QUICK Money World=丹下智博

新型肺炎が拡大し始めてから1カ月以上が経過した。その間の経済指標も徐々に公表されている。影響を把握したいところだが、これまでのところ米経済に変調は見られないようだ。

■米失業保険の新規申請は3週間ぶり増も、市場予想は下回る

  13日に発表された8日までの週の米週間新規失業保険申請件数は、前週比2000件増の20万5000件とQUICK FactSet Workstationによる市場予想(21万1000件)を下回ったものの3週間ぶりの増加となった。中期の傾向を示す4週間の移動平均は前週比変わらずの21万2000件だった。
  米労働市場の底堅さが確認され、過去最長期間となっている米景気の拡大を支えていることが示された。

※米新規失業保険申請件数の推移

※米新規失業保険申請件数の推移

■米消費者物価2.5%上昇、2018年10月以来の大きな伸び

  13日に発表された1月の米消費者物価指数(CPI)は、前月比0.1%上昇とQUICK FactSet Workstationによる市場予想(0.2%)には届かなかった。
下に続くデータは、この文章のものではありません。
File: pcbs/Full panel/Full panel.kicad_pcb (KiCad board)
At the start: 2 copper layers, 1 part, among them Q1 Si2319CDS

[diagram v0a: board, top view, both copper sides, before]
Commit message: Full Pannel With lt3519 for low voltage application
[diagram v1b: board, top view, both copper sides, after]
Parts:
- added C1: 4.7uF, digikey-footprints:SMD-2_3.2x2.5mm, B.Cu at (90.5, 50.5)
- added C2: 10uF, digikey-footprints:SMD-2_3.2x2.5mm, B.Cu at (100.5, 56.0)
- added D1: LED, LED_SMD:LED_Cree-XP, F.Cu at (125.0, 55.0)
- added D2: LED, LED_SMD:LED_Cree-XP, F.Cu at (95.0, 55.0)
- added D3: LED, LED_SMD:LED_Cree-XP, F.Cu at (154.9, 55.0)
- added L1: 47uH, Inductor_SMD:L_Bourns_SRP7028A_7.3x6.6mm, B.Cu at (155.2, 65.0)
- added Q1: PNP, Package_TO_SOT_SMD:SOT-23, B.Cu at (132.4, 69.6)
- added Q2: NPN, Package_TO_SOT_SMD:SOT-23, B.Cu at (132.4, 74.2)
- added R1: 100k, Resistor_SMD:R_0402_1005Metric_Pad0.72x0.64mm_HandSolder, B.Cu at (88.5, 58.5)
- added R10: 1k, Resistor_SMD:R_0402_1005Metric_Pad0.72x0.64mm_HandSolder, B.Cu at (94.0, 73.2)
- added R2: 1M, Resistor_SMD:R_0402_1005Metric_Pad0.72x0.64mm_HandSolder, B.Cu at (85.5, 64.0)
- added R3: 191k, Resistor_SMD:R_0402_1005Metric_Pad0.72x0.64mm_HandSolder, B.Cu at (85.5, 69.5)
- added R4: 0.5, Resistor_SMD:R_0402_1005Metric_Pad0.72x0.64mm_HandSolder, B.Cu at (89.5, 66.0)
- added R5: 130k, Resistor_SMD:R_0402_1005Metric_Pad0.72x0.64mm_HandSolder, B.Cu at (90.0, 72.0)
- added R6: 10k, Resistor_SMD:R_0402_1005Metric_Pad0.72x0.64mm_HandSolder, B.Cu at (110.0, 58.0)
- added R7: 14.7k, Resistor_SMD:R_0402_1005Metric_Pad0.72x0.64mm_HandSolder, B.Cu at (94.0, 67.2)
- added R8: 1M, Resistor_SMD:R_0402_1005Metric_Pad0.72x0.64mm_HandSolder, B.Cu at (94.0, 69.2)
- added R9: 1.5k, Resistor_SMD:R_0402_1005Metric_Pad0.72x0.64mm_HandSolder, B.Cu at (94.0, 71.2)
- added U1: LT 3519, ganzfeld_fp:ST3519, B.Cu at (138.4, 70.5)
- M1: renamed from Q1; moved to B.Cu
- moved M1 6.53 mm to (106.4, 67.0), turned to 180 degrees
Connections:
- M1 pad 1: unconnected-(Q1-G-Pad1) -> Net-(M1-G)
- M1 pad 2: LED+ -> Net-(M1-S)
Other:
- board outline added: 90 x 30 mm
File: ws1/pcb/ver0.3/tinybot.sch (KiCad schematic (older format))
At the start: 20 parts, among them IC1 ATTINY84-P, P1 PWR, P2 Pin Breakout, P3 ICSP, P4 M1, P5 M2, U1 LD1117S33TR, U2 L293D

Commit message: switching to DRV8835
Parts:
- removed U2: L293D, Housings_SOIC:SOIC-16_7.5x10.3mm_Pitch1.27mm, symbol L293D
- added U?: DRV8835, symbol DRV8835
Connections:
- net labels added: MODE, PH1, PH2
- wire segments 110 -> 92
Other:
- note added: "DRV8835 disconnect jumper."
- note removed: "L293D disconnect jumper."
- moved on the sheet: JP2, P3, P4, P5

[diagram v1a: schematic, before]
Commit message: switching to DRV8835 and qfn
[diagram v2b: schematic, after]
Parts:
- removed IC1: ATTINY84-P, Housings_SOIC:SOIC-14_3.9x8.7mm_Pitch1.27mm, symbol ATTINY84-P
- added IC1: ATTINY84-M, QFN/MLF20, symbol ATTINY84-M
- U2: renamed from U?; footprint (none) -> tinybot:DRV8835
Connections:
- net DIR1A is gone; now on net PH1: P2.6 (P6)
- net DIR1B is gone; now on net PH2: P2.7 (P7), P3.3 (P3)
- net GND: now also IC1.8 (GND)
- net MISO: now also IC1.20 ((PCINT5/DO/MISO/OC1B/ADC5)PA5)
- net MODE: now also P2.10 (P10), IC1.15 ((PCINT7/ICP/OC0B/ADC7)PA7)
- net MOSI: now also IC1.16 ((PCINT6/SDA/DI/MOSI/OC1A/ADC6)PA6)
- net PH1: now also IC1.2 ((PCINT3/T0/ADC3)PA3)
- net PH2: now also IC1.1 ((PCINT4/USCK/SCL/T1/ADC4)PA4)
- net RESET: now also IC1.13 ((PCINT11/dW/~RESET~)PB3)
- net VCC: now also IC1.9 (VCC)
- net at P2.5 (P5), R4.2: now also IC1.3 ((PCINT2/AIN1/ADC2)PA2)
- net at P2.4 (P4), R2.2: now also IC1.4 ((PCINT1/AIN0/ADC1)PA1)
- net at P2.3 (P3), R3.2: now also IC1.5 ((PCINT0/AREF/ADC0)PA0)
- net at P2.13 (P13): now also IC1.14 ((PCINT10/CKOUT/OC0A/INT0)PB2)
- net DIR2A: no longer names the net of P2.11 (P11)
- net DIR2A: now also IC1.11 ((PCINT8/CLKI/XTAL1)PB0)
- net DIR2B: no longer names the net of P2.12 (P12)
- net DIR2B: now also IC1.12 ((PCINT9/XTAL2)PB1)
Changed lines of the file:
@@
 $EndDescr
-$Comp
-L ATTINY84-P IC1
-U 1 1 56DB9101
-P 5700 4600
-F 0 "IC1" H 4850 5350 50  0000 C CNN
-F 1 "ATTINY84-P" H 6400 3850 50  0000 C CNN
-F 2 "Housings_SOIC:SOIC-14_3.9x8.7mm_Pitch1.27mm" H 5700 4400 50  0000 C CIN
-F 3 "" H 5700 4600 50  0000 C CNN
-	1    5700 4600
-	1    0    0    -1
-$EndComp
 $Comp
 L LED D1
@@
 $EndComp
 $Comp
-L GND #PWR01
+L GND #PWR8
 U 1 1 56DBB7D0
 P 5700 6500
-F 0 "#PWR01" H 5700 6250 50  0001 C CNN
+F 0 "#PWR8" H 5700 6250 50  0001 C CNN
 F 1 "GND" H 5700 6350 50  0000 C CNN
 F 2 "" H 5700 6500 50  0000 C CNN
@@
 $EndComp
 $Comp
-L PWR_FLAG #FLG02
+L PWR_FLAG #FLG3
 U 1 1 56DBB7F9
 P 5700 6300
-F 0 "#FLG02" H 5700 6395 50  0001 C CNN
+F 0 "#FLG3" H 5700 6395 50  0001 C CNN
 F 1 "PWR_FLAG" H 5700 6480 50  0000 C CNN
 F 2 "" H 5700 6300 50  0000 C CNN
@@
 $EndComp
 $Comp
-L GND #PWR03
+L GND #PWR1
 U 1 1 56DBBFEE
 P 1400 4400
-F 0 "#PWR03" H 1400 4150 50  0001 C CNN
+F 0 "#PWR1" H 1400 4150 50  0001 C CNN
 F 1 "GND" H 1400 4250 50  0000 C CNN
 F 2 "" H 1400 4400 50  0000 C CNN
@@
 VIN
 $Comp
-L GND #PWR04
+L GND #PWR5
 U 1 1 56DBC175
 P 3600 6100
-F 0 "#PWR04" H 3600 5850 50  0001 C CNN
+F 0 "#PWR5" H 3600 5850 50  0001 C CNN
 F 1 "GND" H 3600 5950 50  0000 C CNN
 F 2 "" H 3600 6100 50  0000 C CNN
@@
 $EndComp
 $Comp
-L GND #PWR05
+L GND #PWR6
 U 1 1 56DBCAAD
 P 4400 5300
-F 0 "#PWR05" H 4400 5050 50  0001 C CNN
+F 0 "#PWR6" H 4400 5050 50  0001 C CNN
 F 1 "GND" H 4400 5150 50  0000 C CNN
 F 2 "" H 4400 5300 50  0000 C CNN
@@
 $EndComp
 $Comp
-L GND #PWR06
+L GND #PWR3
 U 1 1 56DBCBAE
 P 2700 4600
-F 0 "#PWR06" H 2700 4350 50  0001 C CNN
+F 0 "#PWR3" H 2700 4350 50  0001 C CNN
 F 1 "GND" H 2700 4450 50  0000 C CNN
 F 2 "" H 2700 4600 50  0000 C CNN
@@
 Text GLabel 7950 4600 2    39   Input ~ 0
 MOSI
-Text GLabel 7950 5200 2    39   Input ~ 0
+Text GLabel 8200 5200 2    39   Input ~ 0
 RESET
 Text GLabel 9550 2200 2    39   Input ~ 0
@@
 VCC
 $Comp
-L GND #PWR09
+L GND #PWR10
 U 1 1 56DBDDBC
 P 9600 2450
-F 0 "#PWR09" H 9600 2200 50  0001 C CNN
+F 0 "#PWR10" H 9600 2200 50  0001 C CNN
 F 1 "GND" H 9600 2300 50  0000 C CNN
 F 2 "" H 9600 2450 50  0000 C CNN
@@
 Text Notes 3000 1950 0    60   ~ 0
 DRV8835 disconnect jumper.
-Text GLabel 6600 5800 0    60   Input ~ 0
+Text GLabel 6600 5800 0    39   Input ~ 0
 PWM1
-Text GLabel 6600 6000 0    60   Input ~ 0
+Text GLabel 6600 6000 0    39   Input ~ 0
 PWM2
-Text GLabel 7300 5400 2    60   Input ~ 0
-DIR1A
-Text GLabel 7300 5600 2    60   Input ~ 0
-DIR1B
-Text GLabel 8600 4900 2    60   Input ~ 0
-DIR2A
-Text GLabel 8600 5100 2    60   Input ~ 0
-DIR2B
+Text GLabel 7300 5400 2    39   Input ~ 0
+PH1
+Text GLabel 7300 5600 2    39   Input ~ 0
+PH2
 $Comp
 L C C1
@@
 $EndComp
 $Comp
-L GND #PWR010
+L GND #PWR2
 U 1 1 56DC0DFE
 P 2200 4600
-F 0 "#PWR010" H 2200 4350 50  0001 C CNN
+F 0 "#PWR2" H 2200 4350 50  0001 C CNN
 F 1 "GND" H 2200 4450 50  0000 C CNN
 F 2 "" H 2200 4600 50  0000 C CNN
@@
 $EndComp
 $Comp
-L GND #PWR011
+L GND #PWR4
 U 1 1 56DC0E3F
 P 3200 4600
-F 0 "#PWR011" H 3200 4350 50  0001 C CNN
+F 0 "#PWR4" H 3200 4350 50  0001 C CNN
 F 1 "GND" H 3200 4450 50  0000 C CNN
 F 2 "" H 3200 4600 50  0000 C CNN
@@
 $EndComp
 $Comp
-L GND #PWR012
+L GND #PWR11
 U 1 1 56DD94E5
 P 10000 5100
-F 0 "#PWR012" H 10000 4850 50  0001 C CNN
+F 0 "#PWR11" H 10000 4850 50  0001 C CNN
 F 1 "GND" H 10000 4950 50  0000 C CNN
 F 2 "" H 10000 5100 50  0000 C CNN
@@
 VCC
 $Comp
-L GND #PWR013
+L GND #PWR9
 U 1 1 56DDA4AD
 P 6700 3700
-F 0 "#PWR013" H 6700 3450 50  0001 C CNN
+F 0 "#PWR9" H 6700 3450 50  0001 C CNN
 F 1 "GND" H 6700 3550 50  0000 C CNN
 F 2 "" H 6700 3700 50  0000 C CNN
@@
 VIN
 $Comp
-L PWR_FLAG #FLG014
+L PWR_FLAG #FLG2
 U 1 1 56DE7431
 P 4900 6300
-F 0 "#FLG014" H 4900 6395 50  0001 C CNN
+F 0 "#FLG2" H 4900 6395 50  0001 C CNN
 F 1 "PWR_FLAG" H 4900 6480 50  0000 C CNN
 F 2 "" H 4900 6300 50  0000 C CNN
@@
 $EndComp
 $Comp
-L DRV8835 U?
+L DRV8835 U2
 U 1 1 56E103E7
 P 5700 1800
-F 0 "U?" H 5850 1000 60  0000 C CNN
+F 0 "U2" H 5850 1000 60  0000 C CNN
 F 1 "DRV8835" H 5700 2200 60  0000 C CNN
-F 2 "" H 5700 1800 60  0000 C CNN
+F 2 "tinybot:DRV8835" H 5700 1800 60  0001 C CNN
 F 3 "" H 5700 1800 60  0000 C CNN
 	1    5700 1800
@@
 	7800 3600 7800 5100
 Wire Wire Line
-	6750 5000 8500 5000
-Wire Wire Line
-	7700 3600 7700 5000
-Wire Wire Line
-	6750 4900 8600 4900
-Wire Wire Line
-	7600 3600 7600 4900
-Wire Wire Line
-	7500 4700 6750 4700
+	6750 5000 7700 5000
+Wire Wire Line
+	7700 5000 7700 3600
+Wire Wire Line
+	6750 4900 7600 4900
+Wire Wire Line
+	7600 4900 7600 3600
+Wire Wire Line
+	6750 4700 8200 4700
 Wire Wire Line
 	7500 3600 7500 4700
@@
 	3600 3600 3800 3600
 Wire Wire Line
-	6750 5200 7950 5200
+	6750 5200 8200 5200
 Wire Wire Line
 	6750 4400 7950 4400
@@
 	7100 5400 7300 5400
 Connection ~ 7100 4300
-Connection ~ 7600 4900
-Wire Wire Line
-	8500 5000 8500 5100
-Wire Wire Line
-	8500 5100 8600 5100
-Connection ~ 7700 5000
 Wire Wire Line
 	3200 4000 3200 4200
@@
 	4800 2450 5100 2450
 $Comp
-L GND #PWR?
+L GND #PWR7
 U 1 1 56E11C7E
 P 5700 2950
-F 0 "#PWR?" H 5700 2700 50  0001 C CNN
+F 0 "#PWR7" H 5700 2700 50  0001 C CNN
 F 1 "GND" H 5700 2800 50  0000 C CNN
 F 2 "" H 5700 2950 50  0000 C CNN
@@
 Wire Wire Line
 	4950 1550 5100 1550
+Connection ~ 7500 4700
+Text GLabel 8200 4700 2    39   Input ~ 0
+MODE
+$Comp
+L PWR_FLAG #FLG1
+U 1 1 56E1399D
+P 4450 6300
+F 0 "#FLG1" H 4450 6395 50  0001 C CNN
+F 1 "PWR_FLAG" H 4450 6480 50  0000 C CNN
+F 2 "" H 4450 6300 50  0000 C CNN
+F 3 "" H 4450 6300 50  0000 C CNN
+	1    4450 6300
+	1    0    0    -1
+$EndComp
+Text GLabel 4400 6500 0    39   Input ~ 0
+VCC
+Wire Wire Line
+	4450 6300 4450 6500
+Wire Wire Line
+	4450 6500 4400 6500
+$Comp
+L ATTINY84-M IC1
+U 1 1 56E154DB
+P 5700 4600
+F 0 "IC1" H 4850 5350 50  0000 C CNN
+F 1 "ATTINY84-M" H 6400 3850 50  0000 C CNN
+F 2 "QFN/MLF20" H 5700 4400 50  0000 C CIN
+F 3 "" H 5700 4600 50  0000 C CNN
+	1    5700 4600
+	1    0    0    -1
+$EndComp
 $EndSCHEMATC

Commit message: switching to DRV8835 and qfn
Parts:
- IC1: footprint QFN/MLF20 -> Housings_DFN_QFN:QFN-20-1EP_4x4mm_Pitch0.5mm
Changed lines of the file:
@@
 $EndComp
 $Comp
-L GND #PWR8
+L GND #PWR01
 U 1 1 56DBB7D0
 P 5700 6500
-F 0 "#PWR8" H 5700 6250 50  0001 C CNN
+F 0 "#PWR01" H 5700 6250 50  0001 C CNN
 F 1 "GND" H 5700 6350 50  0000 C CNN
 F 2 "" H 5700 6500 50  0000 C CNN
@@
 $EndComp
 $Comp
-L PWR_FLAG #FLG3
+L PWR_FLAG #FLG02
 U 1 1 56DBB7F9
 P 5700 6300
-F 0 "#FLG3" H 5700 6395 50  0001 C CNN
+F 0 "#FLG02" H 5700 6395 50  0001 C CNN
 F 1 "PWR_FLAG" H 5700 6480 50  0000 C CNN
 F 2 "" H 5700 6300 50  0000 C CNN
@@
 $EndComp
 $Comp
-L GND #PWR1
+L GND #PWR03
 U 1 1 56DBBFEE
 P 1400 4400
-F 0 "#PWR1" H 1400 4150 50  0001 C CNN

しかし、前年同月比2.5%上昇と市場予想(2.5%)通り、2018年10月以来1年3カ月ぶりの大きな伸びとなった。
  一方、変動の激しいエネルギーと食品を除いたコア指数は前月比0.2%上昇、前年同月比2.3%上昇と米連邦準備理事会(FRB)が目標とするCPI2%に沿った動きと言えそうだ。
  ただ、先行きのインフレ期待として注目される5年先から10年先までの5年間の平均インフレ予想(BEI)は伸び悩んだままであり、市場参加者のマインドは原油価格の下落に引きずられているという印象が強い。

※米消費者物価指数(CPI)

※米消費者物価指数(CPI)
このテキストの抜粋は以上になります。